One promising area is drugs that target the Nogo receptor. In animal studies, blocking this pathway allowed damaged nerves to regrow. Human trials are underway. Another is Siponimod, already approved for SPMS, which doesn’t just calm inflammation - it may directly protect nerve cells.

But the biggest breakthrough might come from measuring damage differently. MRI scans showing brain shrinkage - especially in gray matter - are now better predictors of future disability than the number of lesions. The Multiple Sclerosis Functional Composite (MSFC) test, which measures walking speed, hand dexterity, and thinking, is becoming more important than the old EDSS scale. That’s because it catches the real problem: the brain’s ability to function.

A neural hero holding healing vials as restored nerve pathways glow in a sunrise landscape.

What This Means for You Right Now

If you have RRMS, starting a DMT early isn’t optional - it’s critical. The sooner you reduce inflammation, the less axonal damage you’ll accumulate over time. It’s like stopping a leak before the floor rots. Even if you feel fine, the damage is happening under the surface.

If you’re in SPMS and still having flare-ups, some DMTs may still help. But if you’re past that stage, your focus needs to shift. Exercise matters - not just for strength, but for brain health. Aerobic activity boosts blood flow and may help protect neurons. Physical therapy keeps muscles active and prevents secondary complications. Diet and vitamin D aren’t cures, but low levels are linked to worse outcomes. Don’t smoke. Smoking doubles your risk of progression.

And stay informed.
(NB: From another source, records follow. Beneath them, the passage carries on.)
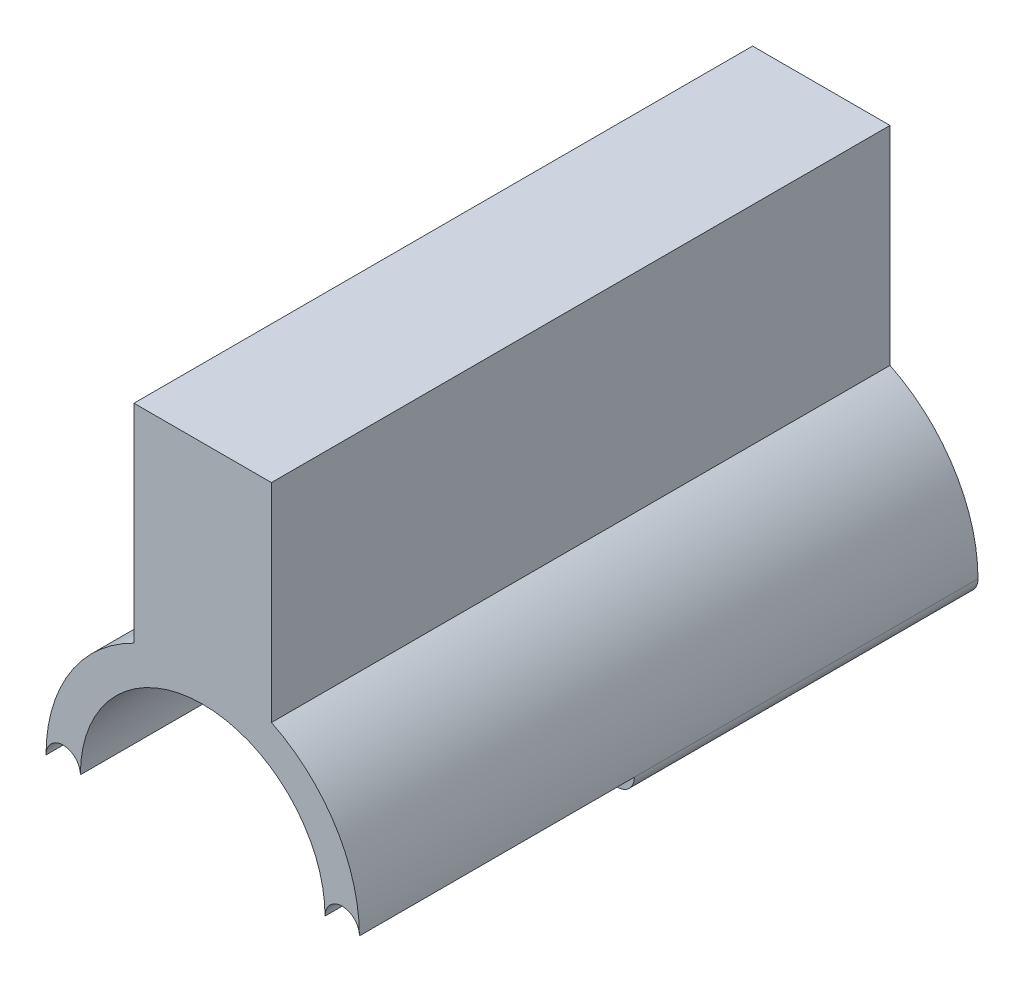
from build123d import *

# Parameters (mm, degrees)
BOSS_EXTRU_1_DEPTH      = 450
ESQUISSE2_R             = 7.5
ENL_V_MAT_EXTRU_1_DEPTH = 350
ESQUISSE2_3_R           = 12.5
ESQUISSE2_3_R_2         = 7.5
ENL_V_MAT_EXTRU_2_DEPTH = 200


with BuildPart() as part:
    # Esquisse1 → Boss.-Extru.1 (new body)
    with BuildSketch(Plane.XY):
        with BuildLine():
            ThreePointArc((-89, 0), (0, 89), (89, 0))
            ThreePointArc((89, 0), (101.5, -12.5), (114, 0))
            ThreePointArc((114, 0), (96.685055722, 60.398675482), (50, 102.449987799))
            Line((50, 102.449987799), (50, 253.627440537))
            Line((50, 253.627440537), (-50, 253.627440537))
            Line((-50, 253.627440537), (-50, 102.449987799))
            ThreePointArc((-50, 102.449987799), (-96.685055722, 60.398675482), (-114, 0))
            ThreePointArc((-114, 0), (-101.5, -12.5), (-89, 0))
        make_face()
    extrude(amount=BOSS_EXTRU_1_DEPTH)

    # Esquisse2 → Enlèv. mat.-Extru.1 (cut)
    with BuildSketch(Plane.XY.offset(450)):
        with Locations((101.5, 0)):
            Circle(ESQUISSE2_R)
        with Locations((-101.5, 0)):
            Circle(ESQUISSE2_R)
    extrude(amount=-ENL_V_MAT_EXTRU_1_DEPTH, mode=Mode.SUBTRACT)

    # Esquisse2<3> → Enlèv. mat.-Extru.2 (cut)
    # profile 1 of 2: a face of its own
    with BuildSketch(Plane.XY.offset(450)):
        with Locations((-101.5, 0)):
            Circle(ESQUISSE2_3_R)
        with Locations((-101.5, 0)):
            Circle(ESQUISSE2_3_R_2, mode=Mode.SUBTRACT)
    # profile 2 of 2: a face of its own
    with BuildSketch(Plane.XY.offset(450)):
        with Locations((101.5, 0)):
            Circle(ESQUISSE2_3_R)
        with Locations((101.5, 0)):
            Circle(ESQUISSE2_3_R_2, mode=Mode.SUBTRACT)
    extrude(amount=-ENL_V_MAT_EXTRU_2_DEPTH, mode=Mode.SUBTRACT)


solid = part.part

The next five years will bring real change. Treatments that protect nerves, not just calm the immune system, are coming. The goal isn’t just to stop relapses anymore. It’s to stop the slow fade.

Why Axon Loss Changes Everything

For decades, MS was seen as a disease of myelin. Now we know better. Myelin damage causes the flare-ups. But axon loss causes the permanent disability. That’s why someone can have a great MRI - no new lesions - and still be losing the ability to walk. The damage isn’t visible on standard scans. It’s happening at the level of the nerve fiber itself.

This shift in understanding explains why some people respond to treatment and others don’t. It explains why progressive MS feels so hopeless. And it’s why the future of MS care isn’t just about more drugs - it’s about smarter ones. Drugs that don’t just fight inflammation, but rebuild what’s been lost.